3. Structured Self-Attention for Metadata
The metadata about climate, soil, etc., played a crucial role in estimating traits like nitrogen content and seed dry mass, as these factors directly affect plant growth. After several failed attempts with various consolidation approaches, such as PCA, I implemented a Structured Self-Attention module to identify correlations between traits and metadata, as well as within the metadata itself.
4. Objective Functions
This is the interesting part, as multiple objective functions were at play, and the weights for each were fine-tuned manually. Here is a breakdown by heads:
- Regression Head: R2 loss was used on normalized traits along with cosine similarity. It was essential not only to estimate individual traits accurately but also to maintain the correlation between all traits. Traits can be considered as a vector of dimension 6, and higher cosine similarity acted as a regularization to ensure the correct prediction of all traits.
- Classification Head: Focal loss was used to handle the long-tail classification task.
- Soft Classification Head: There was no dedicated loss for this head, as it was generated from the classification head itself.
- Blending Heads: A final R2 loss was used on unnormalized trait values, thereby allowing gradients to flow to all the heads.
5. Fine Tuning with Dedicated Schedulers
Fine-tuning the heads and backbone offered significant potential, as maintaining a delicate balance between underfitting and overfitting the model was crucial. Schedulers and optimizers played a key role in training the layers. Instead of using a single optimizer for both heads and the backbone, different learning rate schedules were employed.

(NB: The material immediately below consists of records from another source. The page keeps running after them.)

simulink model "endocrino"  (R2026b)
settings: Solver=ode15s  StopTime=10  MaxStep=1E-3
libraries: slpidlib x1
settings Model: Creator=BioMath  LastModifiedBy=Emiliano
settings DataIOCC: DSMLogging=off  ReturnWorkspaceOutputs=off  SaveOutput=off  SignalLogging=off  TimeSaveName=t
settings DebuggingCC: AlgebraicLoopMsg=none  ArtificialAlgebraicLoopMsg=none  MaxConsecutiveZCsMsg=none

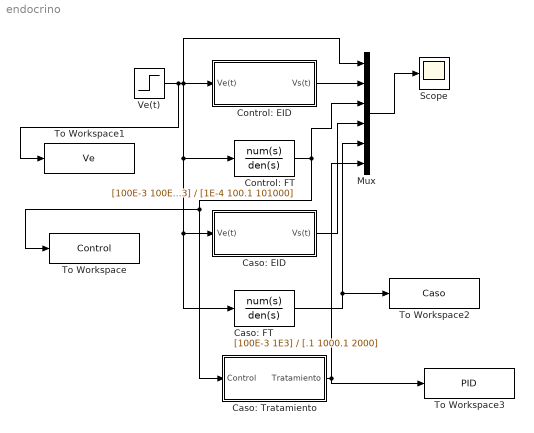
== system endocrino ==
  Caso: EID : Subsystem
  Caso: FT : TransferFcn  Numerator=[100E-3 1E3]  Denominator=[.1 1000.1 2000]
  Caso: Tratamiento : Subsystem
  Control: EID : Subsystem
  Control: FT : TransferFcn  Numerator=[100E-3 100E3]  Denominator=[1E-4 100.1 101000]
  Mux : Mux  Inputs=6
  Scope : Scope
      settings: ActiveDisplayYMinimum=0  ActiveDisplayYMaximum=1.1
  To Workspace : ToWorkspace  VariableName=Control  SampleTime=-1
  To Workspace1 : ToWorkspace  VariableName=Ve  SampleTime=-1
  To Workspace2 : ToWorkspace  VariableName=Caso  SampleTime=-1
  To Workspace3 : ToWorkspace  VariableName=PID  SampleTime=-1
  Ve(t) : Step  Time=0  SampleTime=0
  wires:
  Ve(t)/1 -> To Workspace1/1, Caso: FT/1, Caso: EID/1(Ve(t)), Control: FT/1, Control: EID/1(Ve(t)), Mux/1
  Control: EID/1(Vs(t)) -> Mux/2
  Mux/1 -> Scope/1
  Control: FT/1 -> To Workspace/1, Caso: Tratamiento/1(Control), Mux/3
  Caso: EID/1(Vs(t)) -> Mux/4
  Caso: FT/1 -> To Workspace2/1, Mux/5
  Caso: Tratamiento/1(Tratamiento) -> Mux/6, To Workspace3/1

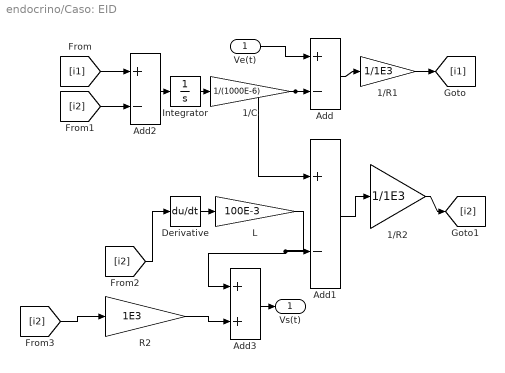
== system endocrino/Caso: EID ==
  Ve(t) : Inport
  1/C : Gain  Gain=1/(1000E-6)
  1/R1 : Gain  Gain=1/1E3
  1/R2 : Gain  Gain=1/1E3
  Add : Sum  Inputs=+-
  Add1 : Sum  Inputs=+-
  Add2 : Sum  Inputs=+-
  Add3 : Sum
  Derivative : Derivative
  Integrator : Integrator
  L : Gain  Gain=100E-3
  R2 : Gain  Gain=1E3
  Vs(t) : Outport
  wires:
  Add1/1 -> 1/R2/1
  1/R2/1 -> [i2]
  Derivative/1 -> L/1
  L/1 -> Add3/1, Add1/2
  1/R1/1 -> [i1]
  Add/1 -> 1/R1/1
  Ve(t)/1 -> Add/1
  [i2] -> Add2/2
  [i1] -> Add2/1
  Add2/1 -> Integrator/1
  Integrator/1 -> 1/C/1
  1/C/1 -> Add1/1, Add/2
  [i2] -> Derivative/1
  [i2] -> R2/1
  R2/1 -> Add3/2
  Add3/1 -> Vs(t)/1

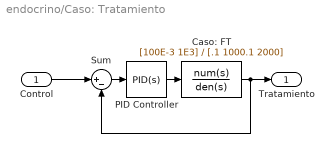
== system endocrino/Caso: Tratamiento ==
  Control : Inport
  Caso: FT : TransferFcn  Numerator=[100E-3 1E3]  Denominator=[.1 1000.1 2000]
  PID Controller : slpidlib/PID Controller  Controller=PID  Form=Parallel  TimeDomain=Continuous-time  UseExternalTs=off  SampleTime=-1  IntegratorMethod=Forward Euler  FilterMethod=Forward Euler  ControllerParametersSource=internal  P=529.0879  I=51836.0493  UseKiTs=off  D=0.17756  UseExternalDerivativeSource=off  N=2021.2211  UseFilter=on  TunerSelectOption=Transfer Function Based (PID Tuner App)  InitialConditionSource=internal  InitialConditionForIntegrator=0  InitialConditionForFilter=0  DifferentiatorICPrevScaledInput=0  ExternalReset=none  TrackingMode=off  Kt=1  LimitOutput=off  SatLimitsSource=internal  UpperSaturationLimit=inf  LowerSaturationLimit=-inf  LinearizeAsGain=on  AntiWindupMode=none  Kb=1  LimitIntegrator=off  UpperIntegratorSaturationLimit=inf  LowerIntegratorSaturationLimit=-inf  POutMin=[]  POutMax=[]  IOutMin=[]  IOutMax=[]  DOutMin=[]  DOutMax=[]  NOutMin=[]  NOutMax=[]  SumOutMin=[]  SumOutMax=[]  SaturationOutMin=[]  SaturationOutMax=[]  PParamMin=[]  PParamMax=[]  IParamMin=[]  IParamMax=[]  DParamMin=[]  DParamMax=[]  NParamMin=[]  NParamMax=[]  KbParamMin=[]  KbParamMax=[]  KtParamMin=[]  KtParamMax=[]  KbOutMin=[]  KbOutMax=[]  KtOutMin=[]  KtOutMax=[]  IntegratorOutMin=[]  IntegratorOutMax=[]  FilterOutMin=[]  FilterOutMax=[]  SumI1OutMin=[]  SumI1OutMax=[]  SumI2OutMin=[]  SumI2OutMax=[]  SumI3OutMin=[]  SumI3OutMax=[]  SumI4OutMin=[]  SumI4OutMax=[]  SumDOutMin=[]  SumDOutMax=[]  DifferentiatorOutMin=[]  DifferentiatorOutMax=[]  FilterDiffOutCoefMin=[]  FilterDiffOutCoefMax=[]  ReciprocalOutMin=[]  ReciprocalOutMax=[]  SumDenOutMin=[]  SumDenOutMax=[]  SumNumOutMin=[]  SumNumOutMax=[]  DivideOutMin=[]  DivideOutMax=[]  UdiffTsProdOutMin=[]  UdiffTsProdOutMax=[]  NTsProdOutMin=[]  NTsProdOutMax=[]  UintegralTsProdOutMin=[]  UintegralTsProdOutMax=[]  UngainTsProdOutMin=[]  UngainTsProdOutMax=[]  ClampingZeroOutDataTypeStr=Inherit: Inherit via back propagation  ClampingZeroOutMin=[]  ClampingZeroOutMax=[]  FilterDenConstantOutDataTypeStr=Inherit: Inherit via back propagation  FilterDenConstantOutMin=[]  FilterDenConstantOutMax=[]  PCopyOutDataTypeStr=Inherit: Inherit via back propagation  PCopyOutMin=[]  PCopyOutMax=[]  NCopyOutDataTypeStr=Inherit: Inherit via back propagation  NCopyOutMin=[]  NCopyOutMax=[]  IntegratorContinuousStateAttributes=''  IntegratorStateMustResolveToSignalObject=off  IntegratorRTWStateStorageClass=Auto  FilterContinuousStateAttributes=''  FilterStateMustResolveToSignalObject=off  FilterRTWStateStorageClass=Auto  ParallelPVariant=InternalParameters  IdealPVariant=Disabled  IVariant=InternalParameters  DVariant=InternalParameters  IntegratorVariant=Continuous  SatVariant=Disabled  AWVariant=Passthrough  PCopyVariant=Disabled  TRVariant=Disabled  FdbkBlocksVariant=Forward  IdealPFdbkVariant=Disabled  SatFdbkVariant=Disabled  DerivativeFilterVariant=ContFilter  NVariant=InternalParameters  NCopyVariant=Disabled  FilterICVariant=InternalICsFilter  IntegratorICVariant=InternalICs  ExternalResetVariant=Disabled  TRSumVariant=Passthrough  SumFdbkVariant=Disabled  SumVariant=Sum_PID  TsampFilterVariant=InternalTs  TsampNgainVariant=Passthrough  TsampIntegralVariant=Disabled_SignalSpec  ExternalSaturationOutDataTypeStr=Inherit: Same as second input  DerivativeSourceVariant=ErrorSignal  PreIntVariant=InternalPreInt
  Sum : Sum  Inputs=|+-
  Tratamiento : Outport
  wires:
  Control/1 -> Sum/1
  Caso: FT/1 -> Sum/2, Tratamiento/1
  Sum/1 -> PID Controller/1
  PID Controller/1 -> Caso: FT/1

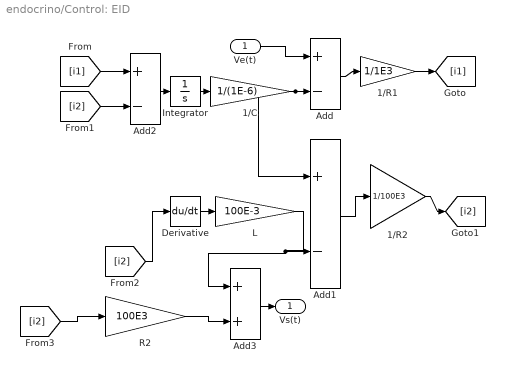
== system endocrino/Control: EID ==
  Ve(t) : Inport
  1/C : Gain  Gain=1/(1E-6)
  1/R1 : Gain  Gain=1/1E3
  1/R2 : Gain  Gain=1/100E3
  Add : Sum  Inputs=+-
  Add1 : Sum  Inputs=+-
  Add2 : Sum  Inputs=+-
  Add3 : Sum
  Derivative : Derivative
  Integrator : Integrator
  L : Gain  Gain=100E-3
  R2 : Gain  Gain=100E3
  Vs(t) : Outport
  wires:
  Add1/1 -> 1/R2/1
  1/R2/1 -> [i2]
  Derivative/1 -> L/1
  L/1 -> Add3/1, Add1/2
  1/R1/1 -> [i1]
  Add/1 -> 1/R1/1
  Ve(t)/1 -> Add/1
  [i2] -> Add2/2
  [i1] -> Add2/1
  Add2/1 -> Integrator/1
  Integrator/1 -> 1/C/1
  1/C/1 -> Add1/1, Add/2
  [i2] -> Derivative/1
  [i2] -> R2/1
  R2/1 -> Add3/2
  Add3/1 -> Vs(t)/1

In summary, the heads with no prior knowledge were given higher learning rates and were warmed up earlier. In contrast, the backbone layers had scaled-down learning rates to prevent overwriting useful information.
6. Mixture of Experts
Finally, various model flavors were trained, some excelling in regressing traits directly and others in classifying species. The soft classification head outperformed individual models, striking a balance between hard classification and regression. The winning submission combined different heads from various models, weighted manually.
Things That Didn't Work Out
- Cut-Mix Augmentations: Intended to improve generalization, but results were unsatisfactory.
- SD Variation in Target Traits: Although traits SD data was available, it was not useful for predicting mean traits of species in this competition. However, this data might be valuable for generalizing models on actual traits in future.
Conclusion
In summary, the blend of regression, classification, and soft classification heads, combined with advanced feature extraction and fine-tuning strategies, led to the winning solution. Feel free to reach out for any questions, and the full code is available on GitHub.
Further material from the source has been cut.